— Сколь ни говорю с альвами, всё убеждаюсь, что дураков среди вас нет, — император смерил его цепким тяжёлым взглядом. — Не рождаются, али повымерли давно?
— Перебили их — за столько-то лет, — честно ответил альв.
— Хорошо стало?
— Не уверен. Когда кругом слишком много умных, тоже плохо.
— Вот и я так думаю, что всему мера надобна, — как-то немного двусмысленно проговорил государь, и продолжал уже куда серьёзнее. — Из Синода весточку мне передали, скоро письму разводному быть.
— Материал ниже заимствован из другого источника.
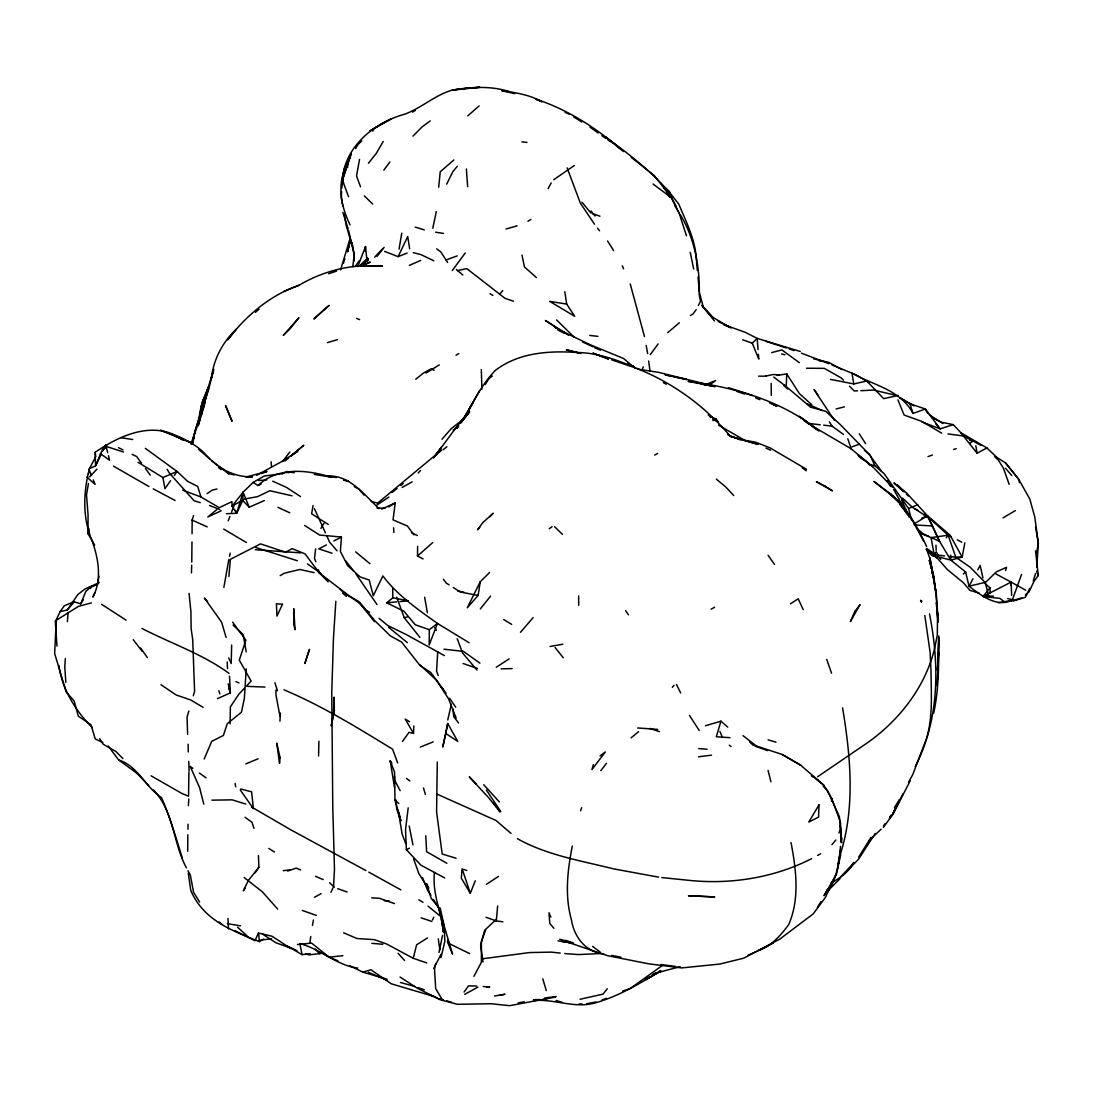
<?xml version="1.0" encoding="UTF-8"?>
<svg xmlns="http://www.w3.org/2000/svg" width="1093" height="1093" viewBox="0 0 1093 1093"><rect width="100%" height="100%" fill="white"/><g stroke="black" fill="none" stroke-linecap="round" stroke-linejoin="round"><path stroke-width="1.5" d="M56.959 646.086L55.265 620.906L78.354 606.437L91.334 602.885M191.767 562.116L191.972 541.964M94.626 544.956L88.014 533.808L88.055 514.926L86.511 494.897L88.465 483.434M831.595 801.155L831.609 798.218L823.712 785.088L800.732 765.237L782.151 754.471L756.288 745.959L742.98 735.63M187.682 851.283L187.832 834.765M192.054 533.739L192.163 520.118L193.611 515.595M423.087 558.906L417.512 556.009L417.622 546.363M188.775 761.397L189.075 770.961M469.157 642.766L437.487 623.461L429.33 629.691L429.153 645.034L437.487 623.461C417.963 609.443 397.36 595.343 382.878 575.943L373.273 595.767L369.202 580L360.184 576.94L347.629 565.614L340.374 551.337L341.426 537.046L319.593 535.037L304.605 525.432M187.969 829.218L188.051 824.204M230.077 723.867L230.391 706.843L238.875 694.137L244.449 688.207M1011.025 585.288L1011.08 582.104L995.518 573.702M318.569 755.946L318.896 741.245M231.661 645.075L231.197 663.547L228.669 657.918M191.466 572.855L191.671 565.19M226.429 513.71L236.621 513.3L242.783 500.526L243.056 492.205L253.18 482.396L264.369 476.001L282.035 473.693M777.191 375.405L786.728 373.874L786.25 386.621L810.5 407.129L825.734 411.351L840.093 424.412L870.315 455.439L874.714 465.618L884.182 473.693L908.597 508.532L911.466 519.954M938.34 660.896L938.709 637.301L937.452 670.255L937.794 665.418M333.474 713.292L334.226 697.156L334.321 710.313L331.275 725.684L334.321 710.313M353.886 261.254L354.2 254.806L352.069 242.427M402.47 741.464L409.001 732.365L413.509 733.376L413.864 725.902M341.603 191.453L341.289 197.724L342.765 205.99M341.754 188.31L344.527 168.09M333.543 886.532L334.485 869.331L332.778 807.741L331.753 692.334L333.488 637.711L335.838 601.259M937.029 685.666L937.958 669.244M365.199 251.39L365.499 246.567L357.766 266.528M68.135 612.394L67.383 621.644M1036.806 567.349L1038.323 543.508L1035.604 527.127M309.838 943.286L310.726 936.496M437.296 761.93L436.585 811.935L442.187 854.043L456.082 858.224M65.361 658.437L64.774 667.195L65.84 682.456M437.733 651.66L436.585 671.075L438.211 675.515M938.368 657.385L938.723 652.548L938.75 654.079M101.389 453.937L95.61 465.864L89.489 468.555C83.765 490.156 82.385 514.53 90.254 535.816M228.902 576.544L230.35 559.329L260.517 543.877L285.574 552.238L292.118 548.645L305.043 553.864L319.347 572.978L349.159 595.849L359.037 601.71L374.954 620.865L390.379 635.907L401.637 642.083L420.067 665.569L430.669 672.386L446.04 693.194M246.226 668.875L244.367 698.482L241.444 712.212L227.276 723.689L223.368 735.493L211.741 741.355L204.159 759.034M502.862 921.823L496.304 920.921L497.657 905.988M839.916 855.095L840.367 850.436M841.104 842.676L840.531 822.442L831.609 798.218L832.169 801.196M200.074 414.684L200.921 406.377L206.932 393.152M438.676 187.217L440.219 171.82L453.827 159.988M352.807 266.596L354.2 254.806L348.53 230.418M408.181 807.836L405.544 829.532L406.377 849.698L420.942 865.191L444.66 877.939M88.465 474.184L89.052 469.525L95.952 456.164M840.517 846.337C838.864 863.238 836.842 880.89 825.516 894.429M839.082 857.377L837.648 868.675L839.41 858.114M381.758 509.106L395.256 502.876L393.043 519.858L407.47 526.061L413.974 534.887M280.423 713.073L279.931 721.148M315.631 548.973L314.511 558.427L315.822 561.747M312.448 925.511L313.431 920.005M188.898 772.15L188.57 796.196L182.394 793.723L151.094 775.839M223.86 587.378L228.833 559.52M98.971 576.12L97.714 584.263L92.263 586.64M480.237 581.804L467.298 607.763L478.119 595.453L480.237 581.804L489.596 572.486M192.081 444.277C194.964 425.573 204.282 408.495 207.492 389.723L202.41 401.814L198.502 419.603M347.902 161.614L347.601 167.461M572.322 846.009C567.513 870.329 564.575 895.686 571.461 919.937C574.03 936.742 585.725 952.345 603.705 953.82M399.068 249.122L401.759 233.123M432.801 228.246L436.298 211.618M313.076 505.526L311.628 513.792L328.242 524.462M1036.67 552.703L1038.35 543.207L1034.743 516.866L1029.811 499.023L1018.84 479.499L1005.642 463.036L996.584 457.175L986.924 447.939L960.856 432.732L953.274 424.63L941.169 422.171L932.056 417.649M359.542 159.373L356.509 175.987L360.567 186.876M445.862 733.54L447.693 723.484L457.735 741.368L445.862 733.54L442.733 747.038L447.693 723.484M201.508 414.971L206.96 391.513L212.711 372.645L211.482 377.645C213.572 359.324 222.74 341.931 236.129 329.335L227.781 339.827C245.72 315.836 270.367 295.014 298.826 285.355C319.812 272.949 344.063 265.654 368.505 265.736L365.308 266.105M451.382 704.22L447.747 719.945M442.528 935.458L438.976 952.509M964.832 542.825L962.154 557.047L950.842 560.122L938.819 556.952L940.786 559.425M192.682 443.58L195.237 430.287L203.12 406.118L201.057 415.764M933.668 713.087C939.242 687.839 938.682 661.648 938.75 635.907M1035.563 573.497L1033.213 581.052M350.32 239.367L347.656 251.896L350.47 239.258M926.7 737.953L926.768 737.638C932.998 716.038 931.195 693.181 930.99 670.965L930.129 652.425L924.828 615.55M840.708 854.699L836.364 874.455L824.026 895.727L828.029 888.595M229.53 556.323L230.24 553.14M440.985 957.687L444.837 941.305L444.127 925.634L440.178 907.982M344.978 169.142L342.396 179.99L343.503 183.023M88.014 533.808L89.189 528.985M426.735 962.919L413.236 958.288L416.611 944.817L427.486 937.917M208.941 388.111L213.859 369.311M350.388 237.427L340.592 269.834M198.161 425.204L202.615 408.919M188.816 799.038L188.365 805.637M593.349 764.663L591.955 769.581L605.317 751.97L600.043 755.85M193.297 695.831L194.581 691.377L192.723 639.801L191.138 628.625L190.92 611.697L189.075 593.362M1005.601 570.546L1006.53 567.322L996.502 571.762L985.299 582.596L988.728 596.027L993.469 596.15M188.843 711.051L187.067 717.158L187.613 734.318M727.733 727.105L720.943 721.189L716.325 736.75L730.056 737.707M200.388 418.223L198.065 425.928L199.418 421.461M201.303 415.135L203.612 407.429M203.107 409.151L205.006 402.798M347.67 249.573L349.118 244.736M435.67 963.452L434.508 968.74L435.683 988.673L442.761 1000.409M182.722 490.156L200.962 496.987L219.242 507.658L231.948 501.66L232.071 506.182L236.621 513.3L243.056 492.205L249.231 507.207L264.315 500.567M344.746 169.237C337.286 187.395 341.658 207.834 350.074 224.871M838.796 858.907C855.723 810.35 850.778 757.572 842.594 707.854M343.407 263.345L344.828 258.754M190.947 443.977L200.484 417.212M192.245 443.116L194.24 436.981M199.213 421.638L200.716 417.034M580.602 810.719L581.681 807.686M320.946 528.425L324.034 523.205M838.959 833.085L840.517 828.754L839.93 826.076M1029.674 588.43L1025.425 597.297L1013.498 600.918L1012.446 599.702L1021.545 574.453M926.208 739.264L912.819 774.459L908.543 782.342M485.606 930.061L481.398 941.415L481.398 962.277L473.938 976.322M228.218 520.828L229.885 516.47M231.552 512.098L234.326 504.816L244.928 498.914L257.47 496.687L269.834 490.73L291.981 495.785M642.165 369.776L643.312 366.838M359.214 266.323L367.002 260.954L367.986 258.467M470.318 893.295L462.107 868.798L461.287 878.103L470.318 893.295L475.264 880.767M123.523 452.024L107.182 446.723L105.734 444.988L100.488 453.704L95.61 465.864L95.023 452.379C117.538 436.927 147.746 422.458 174.771 434.959C185.468 439.359 195.62 444.687 204.036 452.775C216.646 467.285 232.768 477.422 252.565 476.808L249.286 477.163M372.822 131.146L373.888 128.523M102.756 742.612L95.2 738.909L91.006 724.741L78.313 716.175L74.201 701.078L66.113 691.855L54.65 653.436L56.262 619.758L60.115 611.615L67.233 610.003L74.256 601.833L80.759 603.842L85.8 591.45L92.181 585.739L99.395 582.473M208.654 386.58L202.41 401.814L207.055 392.824M896.629 805.65L892.694 814.681L883.322 827.374M94.845 592.707L92.905 597.106C102.687 578.47 98.001 556.118 90.828 537.346M853.619 862.445C849.22 871.859 839.656 878.212 830.871 883.185M330.974 892.325L332.9 887.981M835.23 875.753L825.42 897.435L813.219 913.898L779.692 939.188L743.746 958.165L719.781 964.067L681.69 967.92L648.832 963.848L607.681 955.706L565.04 941.305L570.081 942.767L561.857 941.483L570.314 941.975M446.695 184.13L452.912 171.533L457.202 166.409M432.473 920.019L433.784 917.232M903.023 793.873L892.694 814.681L910.168 780.962M891.997 815.05L889.524 818.192L890.932 815.255M384.599 251.39L398.112 256.609L407.73 236.525L409.643 248.821M102.838 450.944L105.734 444.988L107.66 452.611M433.743 968.494L441.08 954.257M915.224 766.521C939.556 719.809 939.57 664.339 929.474 613.801M345.197 166.792L346.672 163.977M698.318 305.562L700.476 301.449L699.083 293.703M892.735 813.657L896.397 806.716M972.989 578.757L968.999 586.217C980.831 595.193 996.338 607.722 1011.899 600.317L998.592 602.789M977.77 569.808L980.161 565.341L982.935 577.937M548.085 188.638L551.227 182.914M727.924 434.153L730.329 436.339L757.914 444.332L730.329 436.339C707.772 409.383 679.86 387.933 647.971 373.232C625.688 363.327 602.188 352.957 577.541 352.493C549.11 350.607 518.424 352.424 495.02 370.677C480.592 385.815 471.998 404.956 461.355 422.677M434.454 456.847L457.926 425.095L467.23 414.698L460.167 422.731L466.164 414.52L479.567 390.611M889.524 818.192L891.096 815.419M466.164 414.52L472.709 403.098L462.202 421.188M383.219 141.448L376.265 153.43L368.437 163.24M465.085 417.444L469.334 410.189M871.039 837.306L858.702 857.103M899.471 799.42L894.416 807.549M835.831 840.025L831.951 844.684M348.817 159.851L350.525 157.023M355.621 148.566L358.162 144.331L361.797 140.97M485.237 384.504L488.585 379.08L492.315 376.019M364.884 262.32L367.48 258.167L368.163 260.721M817.414 907.368L821.021 901.616M80.759 603.842L83.396 599.661M90.418 588.526L92.181 585.739L84.926 589.031L77.808 594.578L67.233 610.003M464.375 418.496L466.178 415.75M245.16 888.062L243.329 890.836L248.357 880.48L258.863 867.255L258.454 855.546M255.202 872.801L258.863 867.255M458.554 425.683L456.696 428.483L458.705 425.887M467.886 414.274L469.635 411.637L465.659 416.816M600.808 770.647L606.478 763.31M650.267 354.61L658.15 343.912M875.233 833.399L858.47 859.33L842.689 875.37M170.522 480.729L164.92 488.694L162.912 477.532L138.032 462.298M174.265 475.428L177.066 471.452L145.328 448.349M464.074 992.048L468.528 985.818L476.644 986.036M979.273 593.185L969.819 590.329L963.466 582.788L947.344 569.562L934.187 554.657L936.25 551.787L938.163 555.135L937.043 557.895L928.039 552.074M946.292 537.824L948.15 535.228L951.183 536.772M355.444 266.064L359.378 260.626M60.115 611.615L64.337 605.768L74.023 601.656M433.607 458.022L441.381 447.365L434.932 455.918M696.241 309.565L693.153 313.773L690.393 315.576M883.581 825.802L885.221 823.562M452.297 270.517L465.235 253.002M383.821 170.166L389.887 161.996M460.413 423.005L466.998 414.165M1035.549 550.831L1038.282 575.533L1034.074 581.203L1029.046 591.832L1025.371 594.865M282.622 461.41L289.823 452.037M435.342 455.781L440.93 448.54L433.907 457.38M607.257 988.755L603.09 994.111L580.041 999.262M232.071 506.182L243.056 492.205M903.993 491.905L896.902 484.636L906.562 493.025L927.424 515.732L939.597 541.431L950.842 560.122L965.638 572.022L968.999 586.217L983.987 582.651L989.93 587.802L983.058 596.518L999.972 598.39L1005.136 602.393M377.03 256.336L384.108 247.401M480.292 608.938L490.579 596.136M672.304 687.333L674.053 685.284M520.487 632.273L533.152 617.6M441.996 439.249L451.177 428.688L464.511 418.318M853.114 863.525L840.503 877.132M499.487 294.318L502.78 290.615M246.294 686.24L251.13 681.103L239.312 660.076L245.87 640.17L232.645 622.136M374.667 257.142L382.796 248.576M479.759 527.4L477.532 529.763L482.942 522.495L493.162 513.259L489.814 516.798M89.585 476.89L96.963 469.17M881.108 829.177L868.88 840.9M840.08 878.622L826.445 892.271M418.182 472.955L420.422 470.632M412.99 136.133L422.103 126.897L430.218 120.899M359.515 266.064L367.48 258.167M827.387 889.811L829.778 887.502M742.68 339.773L752.244 343.175L757.203 338.406L800.267 351.454M438.949 452.475L441.408 450.138L377.618 503.149M495.689 919.964L484.664 930.266L480.633 945.144L482.997 961.881M667.714 332.641L679.327 322.79M207.083 493.653L212.165 490.211L216.96 488.954M417.512 556.009L432.773 542.524M467.777 115.872L479.144 105.884M963.37 574.003L965.638 572.022M255.352 312.379L259.055 309.196M631.071 737.857L638.572 731.682M284.863 461.041L288.593 457.994M291.08 455.959L303.827 445.247L291.148 455.726L297.802 451.231L282.24 461.301L256.636 475.277M216.701 509.734L207.793 516.975L221.155 510.814M429.33 629.691L415.217 624.745L403.932 611.233L386.676 602.803L392.852 597.803L408.317 600.795L399.997 601.56M415.764 379.257L423.305 373.178L431.025 368.874L434.112 370.213M443.034 449.824L446.846 446.75M392.1 492.451L397.046 488.544M400.762 485.606L403.249 483.639M453.199 430.082L455.685 428.142M663.123 964.941L630.21 988.523L622.641 991.105M969.805 443.444L973.043 441.08L969.737 440.383M549.273 528.752L552.033 526.744M574.331 165.494L553.727 179.717M253.18 482.396L258.016 485.538C277.54 466.711 307.133 469.648 331.056 477.149M709.015 385.269L715.737 380.473L704.999 384.968M376.675 505.212L388.889 497.069M496.222 667.276L509.119 658.874M486.399 884.305L498.463 876.436M713.237 420.6L715.888 418.879L718.333 421.966L712.691 419.015M790.403 603.842L798.191 598.786L803.177 609.566M645.321 979.506L649.597 976.732M652.453 974.888L655.308 973.043M388.78 506.92L395.256 502.876M426.038 373.055L439.277 364.884M914.035 524.025L927.424 515.732L950.104 535.201L962.154 557.047L957.154 557.02M188.256 873.061L190.783 890.481C203.694 920.456 231.62 930.43 259.328 941.633L263.645 938.996M1003.087 517.863L1015.452 510.527M985.804 595.07L983.058 596.518L1011.08 582.104L1025.712 590.193M660.486 970.885C640.211 983.29 619.567 995.764 596.6 1002.513C575.396 1009.249 554.93 998.729 533.521 1000.519M527.933 221.251L530.843 219.474M660.063 971.09L645.826 979.67L658.833 972.292L680.242 966.663M817.619 776.74L867.405 742.789C899.102 720.506 924.938 687.319 934.392 649.379L937.302 635.197L937.548 613.2M455.972 355.239L458.8 353.572M412.512 112.087L415.381 110.407M280.204 575.615L284.371 573.183L299.988 569.48L314.142 572.65M402.128 487.451L412.143 481.876M102.1 449.851L106.144 447.611M713.196 420.354L715.888 418.879L710.095 416.57M464.73 994.343L477.873 987.143M314.524 897.257L321.096 893.664M654.693 455.057L657.576 453.499M960.856 432.732L977.087 453.212L986.924 447.939M811.703 858.592C775.128 877.351 732.938 884.333 692.115 880.657L661.825 877.583M817.632 855.395L820.611 853.811M711.147 609.156L714.631 607.298M326.383 544.929L318.869 548.864L332.081 553.236M333.898 540.98L341.426 537.046M757.49 951.088L773.243 943.109M406.377 849.698L409.397 848.182M409.342 265.394L420.723 260.407M258.016 485.538L261.049 484.076M282.363 473.87L285.41 472.408L288.743 472.682M759.375 950.159C771.959 945.527 780.867 935.102 788.681 924.678C799.98 898.706 796.114 869.481 791.018 842.525M361.305 266.255L370.308 262.115L360.198 265.954M217.521 698.605L230.363 692.921L229.53 676.212M748.199 955.145L755.946 951.771M162.912 477.532L177.066 471.452L187.75 481.439L197.71 486.399L200.962 496.987M517.126 225.827L506.004 229.011M908.597 508.532L917.737 504.706M245.761 763.911L258.098 758.774M283.797 291.476L299.414 285.109M420.259 747.134L433.183 741.86M398.112 256.609L407.115 253.07M652.398 974.724L661.306 971.281M261.063 473.665L266.979 471.52L245.966 477.013M446.04 259.943L457.229 255.899M851.939 446.859L859.522 444.127M898.159 395.447L883.69 398.644L866.763 381.006L853.838 383.944L851.912 373.15C873.293 385.242 900.468 389.627 912.983 413.441L925.388 409.014L940.158 428.88L953.274 424.63M927.971 456.614L932.397 455.057M287.65 871.066L296.189 868.102L300.602 869.973M595.986 1001.939L586.722 1003.702M602.065 999.849L606.629 998.292M953.642 449.51L956.211 448.649M328.61 273.728L336.507 271.119M921.7 518.205L926.878 516.647L924.951 514.161M327.463 342.615L337.477 339.622M1010.738 601.177L1021.695 597.898M705.504 725.738L720.943 721.189M349.623 965.706L362.849 972.142L370.937 969.751L391.294 983.796L435.219 996.871M322.435 952.754L319.279 953.656L315.358 949.107M771.713 352.602L781.878 349.91L799.352 362.657M836.09 408.987L844.356 406.856M524.353 1001.803L518.15 1002.868M765.769 376.088L772.956 374.544L779.172 374.858M396.732 597.27L404.205 617.627L407.525 616.93M457.502 270.572L466.834 268.632L505.034 298.362L513.478 301.19M500.048 995.19L504.993 994.247L494.582 995.983M550.093 646.482L562.854 644.214M555.121 997.13L509.639 1005.697L491.181 1003.729L457.284 1004.303L439.96 999.658L417.499 988.318L400.024 977.019M920.429 533.411L931.072 537.578L948.15 535.228L955.801 557.266L970.024 567.103L985.299 582.596M698.564 756.78L711.529 755.154M544.779 997.964L556.187 996.556M262.539 934.119L276.064 942.849L290.847 948.096L302.092 954.667L310.18 953.683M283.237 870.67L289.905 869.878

Понимаешь, что это означает лично для тебя?
— Понимаю, Пётр Алексеевич, — князь невольно ощутил печаль. — Сестра слишком умна, чтобы даром кормить родственников от казны и тем злить народ. Я догадывался о том.
— И оттого проект свой гилянский затеял?
— Именно. Я не вернусь ко двору, не заслужив сей милости по праву.
— А прочие?
— Прочие поймут сами, они тоже не дураки.
Тяжёлый, почти физически ощутимый взгляд государя сделался теплее.
— Ты изменился, крестник, — сказал он. — Ранее глаз поднять не смел, целые кружева из слов выплетал. На прочих глядел, как на навоз. Теперь, вижу, совсем у нас освоился. Не наглеешь — тоже хорошо. Может, скажешь, что тебя изменило?
— Я учился у всех, кого узнал за этот неполный год, — признался князь. — В том числе и у вас.
— Какой же урок извлёк?
— Гордыня — смертный грех, — с улыбкой, глядя своему крёстному в глаза, ответил альв. — Так уверяет Священное писание. Лично я сделал вывод, что гордыня — мать всех грехов. Вот, пожалуй, то, что изменило меня сильнее всего.
— А. Тут ты прав, — государь с глухим стуком открыл дверцу низенького шкафчика, стоявшего по правую руку. — Россия-матушка из кого хошь грех сей вышибет. До недавней поры думал, что я один такой, с кем она не совладала. Вот, глянь-ка, — он вынул из шкафчика и водрузил на стол плоскодонную немецкую корзинку, плотно уставленную бутылочками и горшочками с привязанными к горлышкам бумажками. — Видишь, чем я жив отныне? Ем по часам, почти одно постное, микстурами по уши заливаюсь. Тошно, а терплю. В молодости нагрешил, теперь отвечаю.
Лицом, голосом, интонацией, да и всем своим видом он сейчас являл собой живую аллегорию отвращения и подспудного гнева. Само собой, в поедании постных кашек вместо хорошо прожаренного куска мяса и питии микстур вместо вина приятного мало. Альв тихо порадовался, что Пётр Алексеевич, побывав на пороге смерти, понял одну простую истину: ему не двадцать пять лет, а пятьдесят два года. В конце мая[29] будет пятьдесят три. Для человека его рода занятий, обладающего такой коллекцией предосудительных привычек и недолеченных болезней, возраст более чем внушительный. Ему действительно придётся всю оставшуюся жизнь сидеть на лекарствах и не допускать даже мысли о нарушении строгого распорядка. Но князь крепко сомневался, что причиной тому была жалость к самому себе.